Dipterostemon facts for kids
Quick facts for kidsDipterostemon
Dipterostemon is a monotypic genus of flowering plants in the family Asparagaceae. Its only species is Dipterostemon capitatus, synonym Dichelostemma capitatum, known by the common names blue dicks, purplehead and brodiaea (alternately spelled brodiea and brodeia), native to the Western United States (particularly Arizona, California, Oregon, Utah, and New Mexico) and northwest Mexico.
Dipterostemon capitatus is an herbaceous perennial growing from an underground corm to a height of as much as 60 cm. It has 2–3 leaves which are 10–40 cm long. The inflorescence is head- or umbel-like, and dense. It usually contains 2 to 15 flowers, which have a blue, blue-purple, pink-purple, or white perianth. The flower tube is 3–12 mm and is narrowly cylindrical to campanulate. Flowers have six fertile stamens, deeply notched, lanceolate, white, angled inward, slightly reflexed at tip, with outer filaments wider at the base. It has a twisted and fleshy peduncle, a set of membranous, petal-like stamen appendages around the anthers, and angular black seeds. It reproduces from seed and vegetative means in the form of cormlets. The cormlets are attached to the parent corm by stolons and are sessile, produced in the axils of the old leaf bases on the mature corm. Plants thrive in open disturbed environments, and are a common post-fire succession species in chaparral. Flowering peaks in March.
D. capitatus occurs from sea level up to 2,300 meters. It inhabits a wide variety of plant communities, including vernal pools, valley grassland, scrub, coniferous forests, and open woodlands. It seems not to colonize after fire by seed, but rather by cormlets. After fire, plants are exposed to unshaded environments with little brush competition, and vigorously flower in open environments with increased soil nutrients.

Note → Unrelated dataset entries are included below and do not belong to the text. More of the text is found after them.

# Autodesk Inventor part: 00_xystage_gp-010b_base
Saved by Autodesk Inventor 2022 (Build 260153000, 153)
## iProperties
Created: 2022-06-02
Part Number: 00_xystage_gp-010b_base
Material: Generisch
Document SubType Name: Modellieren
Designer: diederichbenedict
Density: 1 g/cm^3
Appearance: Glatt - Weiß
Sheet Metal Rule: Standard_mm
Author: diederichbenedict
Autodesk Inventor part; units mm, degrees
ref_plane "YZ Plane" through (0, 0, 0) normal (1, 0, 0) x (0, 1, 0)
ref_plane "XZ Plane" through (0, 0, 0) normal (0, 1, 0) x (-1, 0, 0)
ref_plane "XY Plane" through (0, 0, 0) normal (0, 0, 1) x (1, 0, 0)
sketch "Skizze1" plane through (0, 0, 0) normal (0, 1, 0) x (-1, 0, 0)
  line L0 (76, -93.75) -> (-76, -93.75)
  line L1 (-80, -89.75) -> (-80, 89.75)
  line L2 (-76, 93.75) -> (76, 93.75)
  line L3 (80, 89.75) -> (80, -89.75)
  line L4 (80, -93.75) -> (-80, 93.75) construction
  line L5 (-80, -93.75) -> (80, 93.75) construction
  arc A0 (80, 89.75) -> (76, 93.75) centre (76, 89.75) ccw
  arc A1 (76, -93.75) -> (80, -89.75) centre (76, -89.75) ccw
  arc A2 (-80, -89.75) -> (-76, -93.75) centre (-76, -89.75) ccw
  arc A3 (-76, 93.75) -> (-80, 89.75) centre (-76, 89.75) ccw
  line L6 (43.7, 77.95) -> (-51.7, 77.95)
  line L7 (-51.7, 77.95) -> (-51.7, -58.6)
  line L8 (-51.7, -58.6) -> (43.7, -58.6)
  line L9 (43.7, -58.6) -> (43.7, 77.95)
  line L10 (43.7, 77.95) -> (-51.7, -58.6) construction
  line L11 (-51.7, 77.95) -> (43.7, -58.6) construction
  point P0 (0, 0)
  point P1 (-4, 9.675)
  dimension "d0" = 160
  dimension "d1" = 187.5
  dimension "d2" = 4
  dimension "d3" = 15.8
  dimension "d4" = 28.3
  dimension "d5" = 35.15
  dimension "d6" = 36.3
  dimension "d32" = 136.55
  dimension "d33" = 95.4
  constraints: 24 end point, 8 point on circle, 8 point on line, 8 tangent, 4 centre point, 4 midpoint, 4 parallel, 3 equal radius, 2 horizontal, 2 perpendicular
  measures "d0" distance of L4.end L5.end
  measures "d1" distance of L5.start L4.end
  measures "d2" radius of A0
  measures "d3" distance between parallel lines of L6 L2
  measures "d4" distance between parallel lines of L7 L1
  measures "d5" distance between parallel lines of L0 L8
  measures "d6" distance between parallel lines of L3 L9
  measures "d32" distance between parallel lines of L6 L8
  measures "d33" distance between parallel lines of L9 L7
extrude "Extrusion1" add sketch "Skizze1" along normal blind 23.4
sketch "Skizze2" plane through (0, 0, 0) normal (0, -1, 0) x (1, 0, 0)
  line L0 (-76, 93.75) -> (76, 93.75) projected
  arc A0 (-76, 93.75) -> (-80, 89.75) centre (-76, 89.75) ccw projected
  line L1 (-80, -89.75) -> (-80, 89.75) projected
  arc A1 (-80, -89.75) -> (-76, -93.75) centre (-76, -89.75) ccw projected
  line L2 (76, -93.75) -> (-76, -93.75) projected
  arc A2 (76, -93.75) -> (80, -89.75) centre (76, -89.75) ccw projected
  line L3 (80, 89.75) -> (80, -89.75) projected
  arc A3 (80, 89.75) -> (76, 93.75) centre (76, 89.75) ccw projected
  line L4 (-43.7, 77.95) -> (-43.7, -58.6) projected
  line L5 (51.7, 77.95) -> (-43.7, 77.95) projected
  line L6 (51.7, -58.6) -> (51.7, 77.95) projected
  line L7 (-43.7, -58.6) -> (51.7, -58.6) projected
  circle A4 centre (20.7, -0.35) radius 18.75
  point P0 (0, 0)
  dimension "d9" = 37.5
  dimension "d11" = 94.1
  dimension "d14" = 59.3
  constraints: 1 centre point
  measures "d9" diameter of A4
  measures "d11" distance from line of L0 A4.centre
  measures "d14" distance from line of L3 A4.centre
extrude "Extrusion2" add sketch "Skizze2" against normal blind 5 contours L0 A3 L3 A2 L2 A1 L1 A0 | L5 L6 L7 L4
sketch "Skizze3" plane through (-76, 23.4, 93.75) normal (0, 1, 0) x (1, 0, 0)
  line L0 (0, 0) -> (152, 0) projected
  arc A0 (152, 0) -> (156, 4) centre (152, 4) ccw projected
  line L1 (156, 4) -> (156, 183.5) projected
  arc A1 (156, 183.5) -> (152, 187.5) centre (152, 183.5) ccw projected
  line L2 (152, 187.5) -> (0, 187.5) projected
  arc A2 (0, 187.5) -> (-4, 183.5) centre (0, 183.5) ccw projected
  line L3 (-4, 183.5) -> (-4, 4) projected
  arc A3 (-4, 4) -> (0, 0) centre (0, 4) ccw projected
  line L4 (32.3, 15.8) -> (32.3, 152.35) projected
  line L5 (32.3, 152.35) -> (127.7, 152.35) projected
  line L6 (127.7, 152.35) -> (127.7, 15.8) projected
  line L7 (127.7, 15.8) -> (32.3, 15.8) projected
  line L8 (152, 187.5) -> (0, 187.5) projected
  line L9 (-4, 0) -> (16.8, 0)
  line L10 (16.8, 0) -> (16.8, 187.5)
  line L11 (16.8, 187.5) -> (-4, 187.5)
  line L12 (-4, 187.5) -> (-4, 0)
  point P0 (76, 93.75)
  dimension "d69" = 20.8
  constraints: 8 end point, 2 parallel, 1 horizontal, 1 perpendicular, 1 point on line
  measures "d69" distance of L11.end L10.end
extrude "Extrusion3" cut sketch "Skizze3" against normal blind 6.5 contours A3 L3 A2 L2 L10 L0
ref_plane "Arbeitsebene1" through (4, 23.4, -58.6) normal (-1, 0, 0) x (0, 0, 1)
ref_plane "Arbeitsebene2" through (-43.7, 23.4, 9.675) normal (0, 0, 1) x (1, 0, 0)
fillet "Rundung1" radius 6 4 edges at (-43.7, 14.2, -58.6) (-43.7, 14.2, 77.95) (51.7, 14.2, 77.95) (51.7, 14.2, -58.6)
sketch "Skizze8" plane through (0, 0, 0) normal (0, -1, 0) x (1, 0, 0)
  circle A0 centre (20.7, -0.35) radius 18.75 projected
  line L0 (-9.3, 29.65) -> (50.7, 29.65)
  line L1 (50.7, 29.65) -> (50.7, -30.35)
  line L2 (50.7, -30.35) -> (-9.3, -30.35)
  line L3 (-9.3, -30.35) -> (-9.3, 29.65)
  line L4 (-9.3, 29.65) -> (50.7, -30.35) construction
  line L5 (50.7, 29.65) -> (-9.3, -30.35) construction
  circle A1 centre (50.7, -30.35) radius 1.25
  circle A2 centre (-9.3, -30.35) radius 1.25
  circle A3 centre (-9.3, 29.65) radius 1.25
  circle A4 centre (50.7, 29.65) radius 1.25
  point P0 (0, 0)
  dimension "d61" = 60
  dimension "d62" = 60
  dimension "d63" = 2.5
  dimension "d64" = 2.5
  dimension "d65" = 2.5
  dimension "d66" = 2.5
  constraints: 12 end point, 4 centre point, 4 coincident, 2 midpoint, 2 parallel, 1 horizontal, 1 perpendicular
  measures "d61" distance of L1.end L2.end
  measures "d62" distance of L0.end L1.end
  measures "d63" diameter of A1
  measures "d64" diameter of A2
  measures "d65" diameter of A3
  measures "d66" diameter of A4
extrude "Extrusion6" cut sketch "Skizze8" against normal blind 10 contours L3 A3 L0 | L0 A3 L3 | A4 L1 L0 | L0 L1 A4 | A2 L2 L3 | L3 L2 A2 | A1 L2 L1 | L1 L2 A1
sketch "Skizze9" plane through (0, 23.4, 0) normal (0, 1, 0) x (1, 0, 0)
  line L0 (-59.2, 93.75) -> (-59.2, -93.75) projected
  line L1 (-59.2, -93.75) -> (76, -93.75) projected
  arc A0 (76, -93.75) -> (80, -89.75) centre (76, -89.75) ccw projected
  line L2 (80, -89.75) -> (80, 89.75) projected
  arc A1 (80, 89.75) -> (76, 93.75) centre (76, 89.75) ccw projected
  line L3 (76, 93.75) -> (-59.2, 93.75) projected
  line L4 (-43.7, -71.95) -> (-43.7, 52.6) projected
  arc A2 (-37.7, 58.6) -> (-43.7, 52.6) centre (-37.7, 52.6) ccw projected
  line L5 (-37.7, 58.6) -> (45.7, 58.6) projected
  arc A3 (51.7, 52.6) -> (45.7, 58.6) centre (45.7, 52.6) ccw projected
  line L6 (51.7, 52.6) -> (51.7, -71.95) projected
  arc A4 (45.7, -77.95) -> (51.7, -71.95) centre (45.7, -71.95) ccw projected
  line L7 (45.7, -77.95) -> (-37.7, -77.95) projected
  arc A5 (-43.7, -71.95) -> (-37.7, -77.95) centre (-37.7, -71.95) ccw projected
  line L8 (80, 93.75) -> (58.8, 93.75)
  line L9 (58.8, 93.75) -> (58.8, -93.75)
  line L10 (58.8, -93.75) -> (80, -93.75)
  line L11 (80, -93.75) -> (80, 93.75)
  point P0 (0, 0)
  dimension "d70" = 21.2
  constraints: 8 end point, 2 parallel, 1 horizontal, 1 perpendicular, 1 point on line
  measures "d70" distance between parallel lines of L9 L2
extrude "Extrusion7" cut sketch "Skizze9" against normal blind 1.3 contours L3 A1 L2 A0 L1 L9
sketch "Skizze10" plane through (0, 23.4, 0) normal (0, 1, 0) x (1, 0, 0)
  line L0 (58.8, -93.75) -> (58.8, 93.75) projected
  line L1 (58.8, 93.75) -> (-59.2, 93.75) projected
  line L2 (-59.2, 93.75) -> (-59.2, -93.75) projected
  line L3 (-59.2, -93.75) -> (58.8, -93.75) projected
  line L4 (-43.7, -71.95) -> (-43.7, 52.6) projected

Grasslands that have been burned may exhibit thousands of plants where none have appeared in recent years. Corms may sit for a decade or more and wait for fire or other favorable environmental conditions before breaking ground. Suppression of fire may cause increased shade and plant competition and decrease population numbers of D. capitatus.
The species was first described by George Bentham in 1857 as Brodiaea capitata. In 1868, Alphonso Wood moved it to the genus Dichelostemma as Dichelostemma capitatum. In 1912, Per Axel Rydberg moved it to Dipterostemon as Dipterostemon capitatus. Most sources continued to use Wood's placement in Dichelostemma, including the Flora of North America, which however noted that it was "quite distinct from other species in the genus" and that it was perhaps "best treated as its own genus". In 2017, restoration of Dipterostemon as a monotypic genus was proposed. This has been accepted by sources such as Plants of the World Online and the Jepson Flora Project.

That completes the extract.